## [PROMPT]
Return exactly the lines of the records below, starting at the line that contains "#43=VECTOR('',#42,1.);" and ending at the line that contains "#85=VECTOR('',#84,1.);", with both of those lines kept.

## [INPUT FOR THIS TASK]
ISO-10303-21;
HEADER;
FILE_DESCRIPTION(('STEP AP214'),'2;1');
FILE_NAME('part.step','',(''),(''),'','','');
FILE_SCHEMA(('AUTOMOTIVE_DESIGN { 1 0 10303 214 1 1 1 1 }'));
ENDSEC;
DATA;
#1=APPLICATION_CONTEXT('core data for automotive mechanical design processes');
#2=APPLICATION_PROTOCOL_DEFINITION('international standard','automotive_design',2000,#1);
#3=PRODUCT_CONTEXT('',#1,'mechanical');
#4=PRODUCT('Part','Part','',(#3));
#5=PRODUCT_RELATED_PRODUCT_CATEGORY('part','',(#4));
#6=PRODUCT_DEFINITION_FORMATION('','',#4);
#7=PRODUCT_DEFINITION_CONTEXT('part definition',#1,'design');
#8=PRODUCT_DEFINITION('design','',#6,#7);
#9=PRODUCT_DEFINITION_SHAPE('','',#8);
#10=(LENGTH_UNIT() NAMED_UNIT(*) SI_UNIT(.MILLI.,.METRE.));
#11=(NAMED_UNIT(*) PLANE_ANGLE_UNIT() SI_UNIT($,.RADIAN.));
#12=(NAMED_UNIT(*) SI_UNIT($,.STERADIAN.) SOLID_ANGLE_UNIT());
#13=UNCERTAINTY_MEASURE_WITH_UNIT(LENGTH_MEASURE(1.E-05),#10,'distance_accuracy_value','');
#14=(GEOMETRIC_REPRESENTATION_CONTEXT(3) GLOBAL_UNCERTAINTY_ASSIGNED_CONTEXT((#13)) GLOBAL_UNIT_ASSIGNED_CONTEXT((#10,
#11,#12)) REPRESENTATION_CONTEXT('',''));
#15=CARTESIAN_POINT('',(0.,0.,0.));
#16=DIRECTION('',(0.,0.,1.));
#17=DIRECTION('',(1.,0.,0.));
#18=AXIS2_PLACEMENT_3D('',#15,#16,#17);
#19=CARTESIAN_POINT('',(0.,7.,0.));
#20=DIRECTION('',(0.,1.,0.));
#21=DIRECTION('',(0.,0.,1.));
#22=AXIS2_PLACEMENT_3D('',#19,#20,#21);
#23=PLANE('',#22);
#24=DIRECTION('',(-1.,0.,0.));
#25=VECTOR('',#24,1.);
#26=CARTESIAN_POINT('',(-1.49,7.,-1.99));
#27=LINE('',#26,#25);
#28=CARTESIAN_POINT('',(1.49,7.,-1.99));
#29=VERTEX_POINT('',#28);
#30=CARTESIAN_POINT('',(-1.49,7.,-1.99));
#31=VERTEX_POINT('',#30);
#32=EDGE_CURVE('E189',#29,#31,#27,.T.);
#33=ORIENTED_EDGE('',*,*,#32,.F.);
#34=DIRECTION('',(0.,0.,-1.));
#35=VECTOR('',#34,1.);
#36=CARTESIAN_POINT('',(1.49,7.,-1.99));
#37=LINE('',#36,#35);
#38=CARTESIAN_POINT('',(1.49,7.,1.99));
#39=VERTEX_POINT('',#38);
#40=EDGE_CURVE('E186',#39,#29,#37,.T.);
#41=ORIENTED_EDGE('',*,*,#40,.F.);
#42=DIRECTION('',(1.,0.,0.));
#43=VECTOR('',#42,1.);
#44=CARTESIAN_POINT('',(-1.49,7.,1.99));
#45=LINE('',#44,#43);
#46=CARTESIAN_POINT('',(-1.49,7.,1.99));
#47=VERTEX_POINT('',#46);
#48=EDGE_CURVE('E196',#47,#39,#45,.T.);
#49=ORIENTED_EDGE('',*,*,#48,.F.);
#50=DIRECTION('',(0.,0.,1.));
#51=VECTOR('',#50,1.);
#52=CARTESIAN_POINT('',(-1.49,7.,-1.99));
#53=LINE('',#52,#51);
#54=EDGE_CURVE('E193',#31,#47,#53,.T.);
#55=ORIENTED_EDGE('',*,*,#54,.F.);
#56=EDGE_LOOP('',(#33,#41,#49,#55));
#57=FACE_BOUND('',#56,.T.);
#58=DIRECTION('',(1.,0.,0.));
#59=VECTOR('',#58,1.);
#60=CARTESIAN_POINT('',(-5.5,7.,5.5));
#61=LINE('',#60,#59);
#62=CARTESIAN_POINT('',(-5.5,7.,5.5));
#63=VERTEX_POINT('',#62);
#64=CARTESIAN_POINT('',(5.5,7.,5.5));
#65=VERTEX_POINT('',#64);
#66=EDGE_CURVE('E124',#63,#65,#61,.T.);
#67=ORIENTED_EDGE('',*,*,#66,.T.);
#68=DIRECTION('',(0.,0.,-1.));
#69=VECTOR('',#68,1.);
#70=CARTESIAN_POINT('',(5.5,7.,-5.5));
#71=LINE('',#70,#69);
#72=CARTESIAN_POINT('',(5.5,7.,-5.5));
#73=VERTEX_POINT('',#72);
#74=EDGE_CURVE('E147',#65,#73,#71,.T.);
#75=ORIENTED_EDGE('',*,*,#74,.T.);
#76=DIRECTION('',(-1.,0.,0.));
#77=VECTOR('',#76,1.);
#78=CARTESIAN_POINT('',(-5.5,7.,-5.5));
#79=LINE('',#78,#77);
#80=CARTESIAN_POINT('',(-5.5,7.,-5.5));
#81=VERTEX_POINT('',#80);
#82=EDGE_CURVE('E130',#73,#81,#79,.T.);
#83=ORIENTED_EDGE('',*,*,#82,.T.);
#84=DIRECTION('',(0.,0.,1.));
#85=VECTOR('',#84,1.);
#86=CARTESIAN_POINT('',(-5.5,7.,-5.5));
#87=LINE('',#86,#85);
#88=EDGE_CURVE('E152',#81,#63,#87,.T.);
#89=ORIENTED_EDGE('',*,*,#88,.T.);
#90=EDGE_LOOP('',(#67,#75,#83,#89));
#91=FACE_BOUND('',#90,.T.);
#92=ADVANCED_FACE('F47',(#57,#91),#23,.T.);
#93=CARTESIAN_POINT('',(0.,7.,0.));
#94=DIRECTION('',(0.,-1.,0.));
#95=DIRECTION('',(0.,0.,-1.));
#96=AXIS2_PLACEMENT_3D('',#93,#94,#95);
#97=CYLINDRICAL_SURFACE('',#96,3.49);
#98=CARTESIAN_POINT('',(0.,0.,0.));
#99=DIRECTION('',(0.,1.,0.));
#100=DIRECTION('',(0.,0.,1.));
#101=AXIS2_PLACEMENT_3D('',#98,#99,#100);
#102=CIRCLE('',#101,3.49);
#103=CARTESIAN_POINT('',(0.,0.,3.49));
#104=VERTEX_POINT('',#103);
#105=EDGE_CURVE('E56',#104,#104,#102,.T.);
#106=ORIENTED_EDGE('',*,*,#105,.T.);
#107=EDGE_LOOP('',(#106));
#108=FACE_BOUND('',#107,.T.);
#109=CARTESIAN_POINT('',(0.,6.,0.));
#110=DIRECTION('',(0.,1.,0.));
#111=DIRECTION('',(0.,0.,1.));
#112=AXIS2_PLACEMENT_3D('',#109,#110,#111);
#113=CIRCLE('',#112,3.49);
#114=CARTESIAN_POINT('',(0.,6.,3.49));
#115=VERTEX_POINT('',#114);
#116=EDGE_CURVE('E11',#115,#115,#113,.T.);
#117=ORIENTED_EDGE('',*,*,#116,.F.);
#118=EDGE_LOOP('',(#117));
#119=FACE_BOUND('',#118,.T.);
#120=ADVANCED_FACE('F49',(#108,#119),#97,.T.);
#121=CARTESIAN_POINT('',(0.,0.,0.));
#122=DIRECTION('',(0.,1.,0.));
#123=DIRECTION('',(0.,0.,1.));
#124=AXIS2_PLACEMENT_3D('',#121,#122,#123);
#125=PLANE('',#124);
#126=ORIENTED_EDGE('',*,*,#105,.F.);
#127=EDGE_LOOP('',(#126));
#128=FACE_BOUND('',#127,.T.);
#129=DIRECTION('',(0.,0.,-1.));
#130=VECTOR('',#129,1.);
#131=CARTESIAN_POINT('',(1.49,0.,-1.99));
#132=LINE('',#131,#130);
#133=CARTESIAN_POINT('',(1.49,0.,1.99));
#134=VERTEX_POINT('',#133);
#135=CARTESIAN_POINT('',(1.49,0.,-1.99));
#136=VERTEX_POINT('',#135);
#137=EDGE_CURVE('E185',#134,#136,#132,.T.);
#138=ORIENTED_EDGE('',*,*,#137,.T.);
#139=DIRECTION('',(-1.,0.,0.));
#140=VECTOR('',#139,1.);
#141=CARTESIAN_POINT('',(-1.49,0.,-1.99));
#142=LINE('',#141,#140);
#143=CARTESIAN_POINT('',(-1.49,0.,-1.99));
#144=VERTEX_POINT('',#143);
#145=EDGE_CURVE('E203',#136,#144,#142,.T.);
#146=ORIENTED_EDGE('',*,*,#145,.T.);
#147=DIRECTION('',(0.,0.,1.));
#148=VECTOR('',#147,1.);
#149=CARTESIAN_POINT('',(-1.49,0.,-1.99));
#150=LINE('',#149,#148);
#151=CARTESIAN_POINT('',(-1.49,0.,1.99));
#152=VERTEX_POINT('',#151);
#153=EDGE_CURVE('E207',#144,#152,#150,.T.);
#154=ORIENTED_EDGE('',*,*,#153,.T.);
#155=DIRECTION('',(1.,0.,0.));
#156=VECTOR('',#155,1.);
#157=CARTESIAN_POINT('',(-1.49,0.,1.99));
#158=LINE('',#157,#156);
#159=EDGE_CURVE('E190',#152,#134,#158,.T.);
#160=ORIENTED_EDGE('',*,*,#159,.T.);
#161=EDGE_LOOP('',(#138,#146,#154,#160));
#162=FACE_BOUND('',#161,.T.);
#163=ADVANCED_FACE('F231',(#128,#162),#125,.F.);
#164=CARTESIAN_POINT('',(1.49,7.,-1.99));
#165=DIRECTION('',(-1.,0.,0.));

## [SOLUTION FOR THIS EXERCISE]
#43=VECTOR('',#42,1.);
#44=CARTESIAN_POINT('',(-1.49,7.,1.99));
#45=LINE('',#44,#43);
#46=CARTESIAN_POINT('',(-1.49,7.,1.99));
#47=VERTEX_POINT('',#46);
#48=EDGE_CURVE('E196',#47,#39,#45,.T.);
#49=ORIENTED_EDGE('',*,*,#48,.F.);
#50=DIRECTION('',(0.,0.,1.));
#51=VECTOR('',#50,1.);
#52=CARTESIAN_POINT('',(-1.49,7.,-1.99));
#53=LINE('',#52,#51);
#54=EDGE_CURVE('E193',#31,#47,#53,.T.);
#55=ORIENTED_EDGE('',*,*,#54,.F.);
#56=EDGE_LOOP('',(#33,#41,#49,#55));
#57=FACE_BOUND('',#56,.T.);
#58=DIRECTION('',(1.,0.,0.));
#59=VECTOR('',#58,1.);
#60=CARTESIAN_POINT('',(-5.5,7.,5.5));
#61=LINE('',#60,#59);
#62=CARTESIAN_POINT('',(-5.5,7.,5.5));
#63=VERTEX_POINT('',#62);
#64=CARTESIAN_POINT('',(5.5,7.,5.5));
#65=VERTEX_POINT('',#64);
#66=EDGE_CURVE('E124',#63,#65,#61,.T.);
#67=ORIENTED_EDGE('',*,*,#66,.T.);
#68=DIRECTION('',(0.,0.,-1.));
#69=VECTOR('',#68,1.);
#70=CARTESIAN_POINT('',(5.5,7.,-5.5));
#71=LINE('',#70,#69);
#72=CARTESIAN_POINT('',(5.5,7.,-5.5));
#73=VERTEX_POINT('',#72);
#74=EDGE_CURVE('E147',#65,#73,#71,.T.);
#75=ORIENTED_EDGE('',*,*,#74,.T.);
#76=DIRECTION('',(-1.,0.,0.));
#77=VECTOR('',#76,1.);
#78=CARTESIAN_POINT('',(-5.5,7.,-5.5));
#79=LINE('',#78,#77);
#80=CARTESIAN_POINT('',(-5.5,7.,-5.5));
#81=VERTEX_POINT('',#80);
#82=EDGE_CURVE('E130',#73,#81,#79,.T.);
#83=ORIENTED_EDGE('',*,*,#82,.T.);
#84=DIRECTION('',(0.,0.,1.));
#85=VECTOR('',#84,1.);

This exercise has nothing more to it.